== Segment start ==

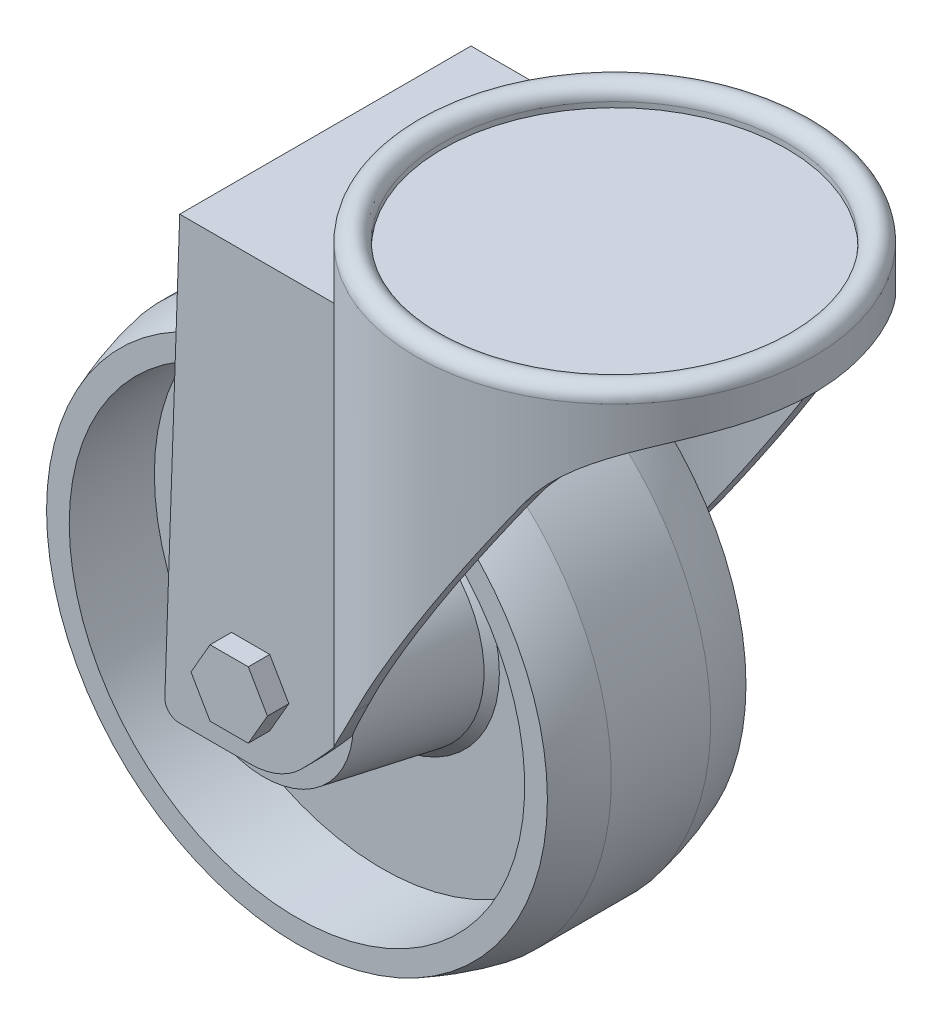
ISO-10303-21;
HEADER;
FILE_DESCRIPTION(('STEP AP214'),'2;1');
FILE_NAME('part.step','',(''),(''),'','','');
FILE_SCHEMA(('AUTOMOTIVE_DESIGN { 1 0 10303 214 1 1 1 1 }'));
ENDSEC;
DATA;
#1=APPLICATION_CONTEXT('core data for automotive mechanical design processes');
#2=APPLICATION_PROTOCOL_DEFINITION('international standard','automotive_design',2000,#1);
#3=PRODUCT_CONTEXT('',#1,'mechanical');
#4=PRODUCT('Part','Part','',(#3));
#5=PRODUCT_RELATED_PRODUCT_CATEGORY('part','',(#4));
#6=PRODUCT_DEFINITION_FORMATION('','',#4);
#7=PRODUCT_DEFINITION_CONTEXT('part definition',#1,'design');
#8=PRODUCT_DEFINITION('design','',#6,#7);
#9=PRODUCT_DEFINITION_SHAPE('','',#8);
#10=(LENGTH_UNIT() NAMED_UNIT(*) SI_UNIT(.MILLI.,.METRE.));
#11=(NAMED_UNIT(*) PLANE_ANGLE_UNIT() SI_UNIT($,.RADIAN.));
#12=(NAMED_UNIT(*) SI_UNIT($,.STERADIAN.) SOLID_ANGLE_UNIT());
#13=UNCERTAINTY_MEASURE_WITH_UNIT(LENGTH_MEASURE(1.E-05),#10,'distance_accuracy_value','');
#14=(GEOMETRIC_REPRESENTATION_CONTEXT(3) GLOBAL_UNCERTAINTY_ASSIGNED_CONTEXT((#13)) GLOBAL_UNIT_ASSIGNED_CONTEXT((#10,
#11,#12)) REPRESENTATION_CONTEXT('',''));
#15=CARTESIAN_POINT('',(0.,0.,0.));
#16=DIRECTION('',(0.,0.,1.));
#17=DIRECTION('',(1.,0.,0.));
#18=AXIS2_PLACEMENT_3D('',#15,#16,#17);
#19=CARTESIAN_POINT('',(-23.48,-78.8,-20.));
#20=DIRECTION('',(0.,0.,-1.));
#21=DIRECTION('',(0.,-1.,0.));
#22=AXIS2_PLACEMENT_3D('',#19,#20,#21);
#23=PLANE('',#22);
#24=DIRECTION('',(0.0348994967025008,0.999390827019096,0.));
#25=VECTOR('',#24,1.);
#26=CARTESIAN_POINT('',(-43.48752930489,-4.8,-20.));
#27=LINE('',#26,#25);
#28=CARTESIAN_POINT('',(-45.4798217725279,-61.8517917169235,-20.));
#29=VERTEX_POINT('',#28);
#30=CARTESIAN_POINT('',(-43.7808637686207,-13.2,-20.));
#31=VERTEX_POINT('',#30);
#32=EDGE_CURVE('E373',#29,#31,#27,.T.);
#33=ORIENTED_EDGE('',*,*,#32,.F.);
#34=CARTESIAN_POINT('',(-33.,-67.,-20.));
#35=DIRECTION('',(0.,0.,-1.));
#36=DIRECTION('',(-1.,0.,0.));
#37=AXIS2_PLACEMENT_3D('',#34,#35,#36);
#38=CIRCLE('',#37,13.5);
#39=CARTESIAN_POINT('',(-19.5959179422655,-65.3935803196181,-20.));
#40=VERTEX_POINT('',#39);
#41=EDGE_CURVE('E284',#29,#40,#38,.T.);
#42=ORIENTED_EDGE('',*,*,#41,.T.);
#43=DIRECTION('',(0.,-1.,0.));
#44=VECTOR('',#43,1.);
#45=CARTESIAN_POINT('',(-19.5959179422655,-8.,-20.));
#46=LINE('',#45,#44);
#47=CARTESIAN_POINT('',(-19.5959179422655,-13.2,-20.));
#48=VERTEX_POINT('',#47);
#49=EDGE_CURVE('E1228',#48,#40,#46,.T.);
#50=ORIENTED_EDGE('',*,*,#49,.F.);
#51=DIRECTION('',(1.,0.,0.));
#52=VECTOR('',#51,1.);
#53=CARTESIAN_POINT('',(-23.48,-13.2,-20.));
#54=LINE('',#53,#52);
#55=EDGE_CURVE('E614',#31,#48,#54,.T.);
#56=ORIENTED_EDGE('',*,*,#55,.F.);
#57=EDGE_LOOP('',(#33,#42,#50,#56));
#58=FACE_BOUND('',#57,.T.);
#59=ADVANCED_FACE('F15',(#58),#23,.F.);
#60=CARTESIAN_POINT('',(-23.48,-78.8,20.));
#61=DIRECTION('',(0.,0.,1.));
#62=DIRECTION('',(0.,1.,0.));
#63=AXIS2_PLACEMENT_3D('',#60,#61,#62);
#64=PLANE('',#63);
#65=CARTESIAN_POINT('',(-33.,-67.,20.));
#66=DIRECTION('',(0.,0.,1.));
#67=DIRECTION('',(1.,0.,0.));
#68=AXIS2_PLACEMENT_3D('',#65,#66,#67);
#69=CIRCLE('',#68,13.5);
#70=CARTESIAN_POINT('',(-41.1,-77.8,20.));
#71=VERTEX_POINT('',#70);
#72=CARTESIAN_POINT('',(-45.8085424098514,-71.2651191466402,20.));
#73=VERTEX_POINT('',#72);
#74=EDGE_CURVE('E25',#71,#73,#69,.F.);
#75=ORIENTED_EDGE('',*,*,#74,.F.);
#76=DIRECTION('',(-1.,0.,0.));
#77=VECTOR('',#76,1.);
#78=CARTESIAN_POINT('',(0.,-77.8,20.));
#79=LINE('',#78,#77);
#80=CARTESIAN_POINT('',(-43.8,-77.8,20.));
#81=VERTEX_POINT('',#80);
#82=EDGE_CURVE('E600',#71,#81,#79,.T.);
#83=ORIENTED_EDGE('',*,*,#82,.T.);
#84=CARTESIAN_POINT('',(-43.8,-75.64,20.));
#85=DIRECTION('',(0.,0.,1.));
#86=DIRECTION('',(0.,1.,0.));
#87=AXIS2_PLACEMENT_3D('',#84,#85,#86);
#88=CIRCLE('',#87,2.16);
#89=CARTESIAN_POINT('',(-45.9586841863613,-75.5646170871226,20.));
#90=VERTEX_POINT('',#89);
#91=EDGE_CURVE('E602',#90,#81,#88,.T.);
#92=ORIENTED_EDGE('',*,*,#91,.F.);
#93=DIRECTION('',(-0.0348994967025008,-0.999390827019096,0.));
#94=VECTOR('',#93,1.);
#95=CARTESIAN_POINT('',(-43.48752930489,-4.8,20.));
#96=LINE('',#95,#94);
#97=EDGE_CURVE('E40',#73,#90,#96,.T.);
#98=ORIENTED_EDGE('',*,*,#97,.F.);
#99=EDGE_LOOP('',(#75,#83,#92,#98));
#100=FACE_BOUND('',#99,.T.);
#101=ADVANCED_FACE('F334',(#100),#64,.F.);
#102=CARTESIAN_POINT('',(-33.,-67.,20.));
#103=DIRECTION('',(0.,0.,-1.));
#104=DIRECTION('',(-1.,0.,0.));
#105=AXIS2_PLACEMENT_3D('',#102,#103,#104);
#106=CIRCLE('',#105,13.5);
#107=CARTESIAN_POINT('',(-45.479821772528,-61.8517917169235,20.));
#108=VERTEX_POINT('',#107);
#109=CARTESIAN_POINT('',(-19.5959179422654,-65.3935803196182,20.));
#110=VERTEX_POINT('',#109);
#111=EDGE_CURVE('E255',#108,#110,#106,.T.);
#112=ORIENTED_EDGE('',*,*,#111,.F.);
#113=CARTESIAN_POINT('',(-43.7808637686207,-13.2,20.));
#114=VERTEX_POINT('',#113);
#115=EDGE_CURVE('E621',#114,#108,#96,.T.);
#116=ORIENTED_EDGE('',*,*,#115,.F.);
#117=DIRECTION('',(-1.,0.,0.));
#118=VECTOR('',#117,1.);
#119=CARTESIAN_POINT('',(-23.48,-13.2,20.));
#120=LINE('',#119,#118);
#121=CARTESIAN_POINT('',(-19.5959179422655,-13.2,20.));
#122=VERTEX_POINT('',#121);
#123=EDGE_CURVE('E258',#122,#114,#120,.T.);
#124=ORIENTED_EDGE('',*,*,#123,.F.);
#125=DIRECTION('',(0.,-1.,0.));
#126=VECTOR('',#125,1.);
#127=CARTESIAN_POINT('',(-19.5959179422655,-8.,20.));
#128=LINE('',#127,#126);
#129=EDGE_CURVE('E242',#110,#122,#128,.F.);
#130=ORIENTED_EDGE('',*,*,#129,.F.);
#131=EDGE_LOOP('',(#112,#116,#124,#130));
#132=FACE_BOUND('',#131,.T.);
#133=ADVANCED_FACE('F253',(#132),#64,.F.);
#134=CARTESIAN_POINT('',(-22.98,-77.8,-22.));
#135=DIRECTION('',(0.,0.,-1.));
#136=DIRECTION('',(0.,-1.,0.));
#137=AXIS2_PLACEMENT_3D('',#134,#135,#136);
#138=PLANE('',#137);
#139=DIRECTION('',(-0.0348994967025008,-0.999390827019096,0.));
#140=VECTOR('',#139,1.);
#141=CARTESIAN_POINT('',(-46.0086629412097,-76.9958213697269,-22.));
#142=LINE('',#141,#140);
#143=CARTESIAN_POINT('',(-43.7110222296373,-11.2,-22.));
#144=VERTEX_POINT('',#143);
#145=CARTESIAN_POINT('',(-45.9586841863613,-75.5646170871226,-22.));
#146=VERTEX_POINT('',#145);
#147=EDGE_CURVE('E519',#144,#146,#142,.T.);
#148=ORIENTED_EDGE('',*,*,#147,.F.);
#149=DIRECTION('',(1.,0.,0.));
#150=VECTOR('',#149,1.);
#151=CARTESIAN_POINT('',(-22.98,-11.2,-22.));
#152=LINE('',#151,#150);
#153=CARTESIAN_POINT('',(-20.3960780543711,-11.2,-22.));
#154=VERTEX_POINT('',#153);
#155=EDGE_CURVE('E535',#144,#154,#152,.T.);
#156=ORIENTED_EDGE('',*,*,#155,.T.);
#157=DIRECTION('',(0.,-1.,0.));
#158=VECTOR('',#157,1.);
#159=CARTESIAN_POINT('',(-20.3960780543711,-4.8,-22.));
#160=LINE('',#159,#158);
#161=CARTESIAN_POINT('',(-20.3960780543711,-69.2891030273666,-22.));
#162=VERTEX_POINT('',#161);
#163=EDGE_CURVE('E545',#154,#162,#160,.T.);
#164=ORIENTED_EDGE('',*,*,#163,.T.);
#165=CARTESIAN_POINT('',(-95.3668181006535,-4.63318189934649,-22.));
#166=DIRECTION('',(0.,0.,-1.));
#167=DIRECTION('',(0.,-1.,0.));
#168=AXIS2_PLACEMENT_3D('',#165,#166,#167);
#169=CIRCLE('',#168,99.);
#170=CARTESIAN_POINT('',(-25.3632467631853,-74.6367532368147,-22.));
#171=VERTEX_POINT('',#170);
#172=EDGE_CURVE('E503',#171,#162,#169,.F.);
#173=ORIENTED_EDGE('',*,*,#172,.F.);
#174=CARTESIAN_POINT('',(-33.,-67.,-22.));
#175=DIRECTION('',(0.,0.,-1.));
#176=DIRECTION('',(0.,-1.,0.));
#177=AXIS2_PLACEMENT_3D('',#174,#175,#176);
#178=CIRCLE('',#177,10.8);
#179=CARTESIAN_POINT('',(-33.,-77.8,-22.));
#180=VERTEX_POINT('',#179);
#181=EDGE_CURVE('E455',#180,#171,#178,.F.);
#182=ORIENTED_EDGE('',*,*,#181,.F.);
#183=DIRECTION('',(-1.,0.,0.));
#184=VECTOR('',#183,1.);
#185=CARTESIAN_POINT('',(-22.98,-77.8,-22.));
#186=LINE('',#185,#184);
#187=CARTESIAN_POINT('',(-43.8,-77.8,-22.));
#188=VERTEX_POINT('',#187);
#189=EDGE_CURVE('E523',#180,#188,#186,.T.);
#190=ORIENTED_EDGE('',*,*,#189,.T.);
#191=CARTESIAN_POINT('',(-43.8,-75.64,-22.));
#192=DIRECTION('',(0.,0.,-1.));
#193=DIRECTION('',(0.,-1.,0.));
#194=AXIS2_PLACEMENT_3D('',#191,#192,#193);
#195=CIRCLE('',#194,2.16);
#196=EDGE_CURVE('E492',#146,#188,#195,.F.);
#197=ORIENTED_EDGE('',*,*,#196,.F.);
#198=EDGE_LOOP('',(#148,#156,#164,#173,#182,#190,#197));
#199=FACE_BOUND('',#198,.T.);
#200=DIRECTION('',(-0.5,-0.866025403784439,0.));
#201=VECTOR('',#200,1.);
#202=CARTESIAN_POINT('',(-27.2264973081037,-67.,-22.));
#203=LINE('',#202,#201);
#204=CARTESIAN_POINT('',(-27.2264973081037,-67.,-22.));
#205=VERTEX_POINT('',#204);
#206=CARTESIAN_POINT('',(-30.1132486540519,-72.,-22.));
#207=VERTEX_POINT('',#206);
#208=EDGE_CURVE('E1119',#205,#207,#203,.T.);
#209=ORIENTED_EDGE('',*,*,#208,.F.);
#210=DIRECTION('',(0.5,-0.866025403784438,0.));
#211=VECTOR('',#210,1.);
#212=CARTESIAN_POINT('',(-30.1132486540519,-62.,-22.));
#213=LINE('',#212,#211);
#214=CARTESIAN_POINT('',(-30.1132486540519,-62.,-22.));
#215=VERTEX_POINT('',#214);
#216=EDGE_CURVE('E1118',#215,#205,#213,.T.);
#217=ORIENTED_EDGE('',*,*,#216,.F.);
#218=DIRECTION('',(1.,0.,0.));
#219=VECTOR('',#218,1.);
#220=CARTESIAN_POINT('',(-35.8867513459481,-62.,-22.));
#221=LINE('',#220,#219);
#222=CARTESIAN_POINT('',(-35.8867513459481,-62.,-22.));
#223=VERTEX_POINT('',#222);
#224=EDGE_CURVE('E1132',#223,#215,#221,.T.);
#225=ORIENTED_EDGE('',*,*,#224,.F.);
#226=DIRECTION('',(0.5,0.866025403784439,0.));
#227=VECTOR('',#226,1.);
#228=CARTESIAN_POINT('',(-38.7735026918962,-67.,-22.));
#229=LINE('',#228,#227);
#230=CARTESIAN_POINT('',(-38.7735026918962,-67.,-22.));
#231=VERTEX_POINT('',#230);
#232=EDGE_CURVE('E1128',#231,#223,#229,.T.);
#233=ORIENTED_EDGE('',*,*,#232,.F.);
#234=DIRECTION('',(-0.5,0.866025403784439,0.));
#235=VECTOR('',#234,1.);
#236=CARTESIAN_POINT('',(-35.8867513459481,-72.,-22.));
#237=LINE('',#236,#235);
#238=CARTESIAN_POINT('',(-35.8867513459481,-72.,-22.));
#239=VERTEX_POINT('',#238);
#240=EDGE_CURVE('E1125',#239,#231,#237,.T.);
#241=ORIENTED_EDGE('',*,*,#240,.F.);
#242=DIRECTION('',(-1.,0.,0.));
#243=VECTOR('',#242,1.);
#244=CARTESIAN_POINT('',(-30.1132486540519,-72.,-22.));
#245=LINE('',#244,#243);
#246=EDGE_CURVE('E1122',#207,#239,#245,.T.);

== Segment end ==

▶ **ACTIVITY**
Go through the data and return each line where the word "CIRCLE" appears.

▶ **YOUR RESPONSE**
#38=CIRCLE('',#37,13.5);
#69=CIRCLE('',#68,13.5);
#88=CIRCLE('',#87,2.16);
#106=CIRCLE('',#105,13.5);
#169=CIRCLE('',#168,99.);
#178=CIRCLE('',#177,10.8);
#195=CIRCLE('',#194,2.16);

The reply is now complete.